EXERCISE INSTRUCTIONS:
Leave out the pictures and retype everything else in the records below exactly.

GIVEN RECORDS:
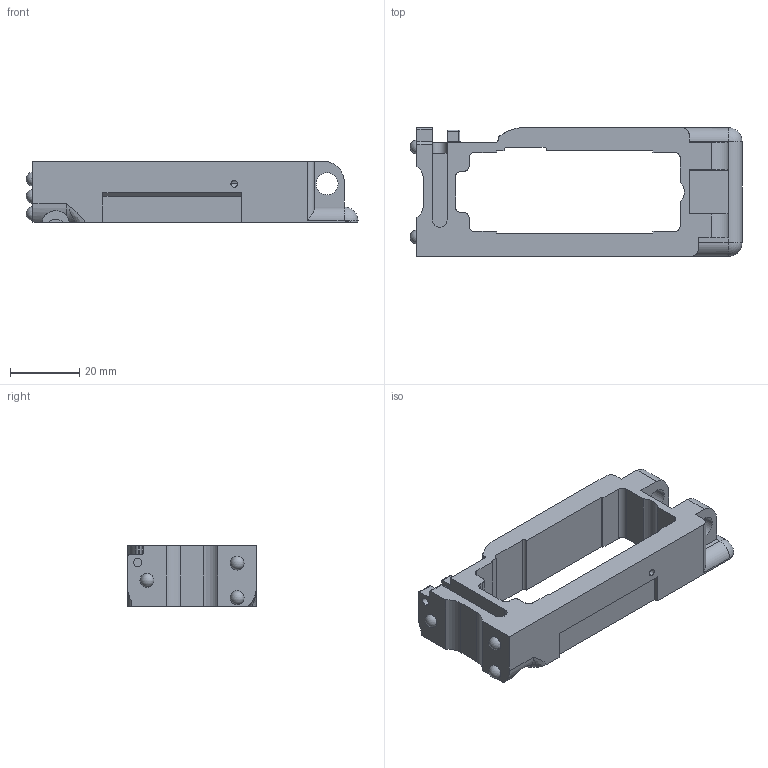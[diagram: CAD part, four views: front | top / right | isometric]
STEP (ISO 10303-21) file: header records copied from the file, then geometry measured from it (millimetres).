
FILE_DESCRIPTION (( 'STEP AP214' ), '1' );
FILE_NAME ('Magwell_1.STEP', '2013-09-01T16:47:27', ( 'Asher' ), ( '' ), 'SwSTEP 2.0', 'SolidWorks 2013', '' );
FILE_SCHEMA (( 'AUTOMOTIVE_DESIGN' ));
Length unit declared in the file: millimetre
Products named in the file (1): Magwell_1
Bounding box: 95.81 x 37.13 x 17.46 mm (x, y, z)
Volume: 24764.6 mm3; surface area: 12778.3 mm2
Topology: 1 solids, 1 shells, 151 faces, 454 edges, 295 vertices
Faces by surface type: plane 64, cylinder 61, sphere 20, cone 2, bspline 2, torus 2
Entity records: 5084 total; most frequent: CARTESIAN_POINT 1075, DIRECTION 845, ORIENTED_EDGE 826, EDGE_CURVE 413, AXIS2_PLACEMENT_3D 301, VERTEX_POINT 278, LINE 243, VECTOR 243

SOLUTION TO THIS TASK:
[diagram: CAD part, four views: front | top / right | isometric]
STEP (ISO 10303-21) file: header records copied from the file, then geometry measured from it (millimetres).
FILE_DESCRIPTION (( 'STEP AP214' ), '1' );
FILE_NAME ('Magwell_1.STEP', '2013-09-01T16:47:27', ( 'Asher' ), ( '' ), 'SwSTEP 2.0', 'SolidWorks 2013', '' );
FILE_SCHEMA (( 'AUTOMOTIVE_DESIGN' ));
Length unit declared in the file: millimetre
Products named in the file (1): Magwell_1
Bounding box: 95.81 x 37.13 x 17.46 mm (x, y, z)
Volume: 24764.6 mm3; surface area: 12778.3 mm2
Topology: 1 solids, 1 shells, 151 faces, 454 edges, 295 vertices
Faces by surface type: plane 64, cylinder 61, sphere 20, cone 2, bspline 2, torus 2
Entity records: 5084 total; most frequent: CARTESIAN_POINT 1075, DIRECTION 845, ORIENTED_EDGE 826, EDGE_CURVE 413, AXIS2_PLACEMENT_3D 301, VERTEX_POINT 278, LINE 243, VECTOR 243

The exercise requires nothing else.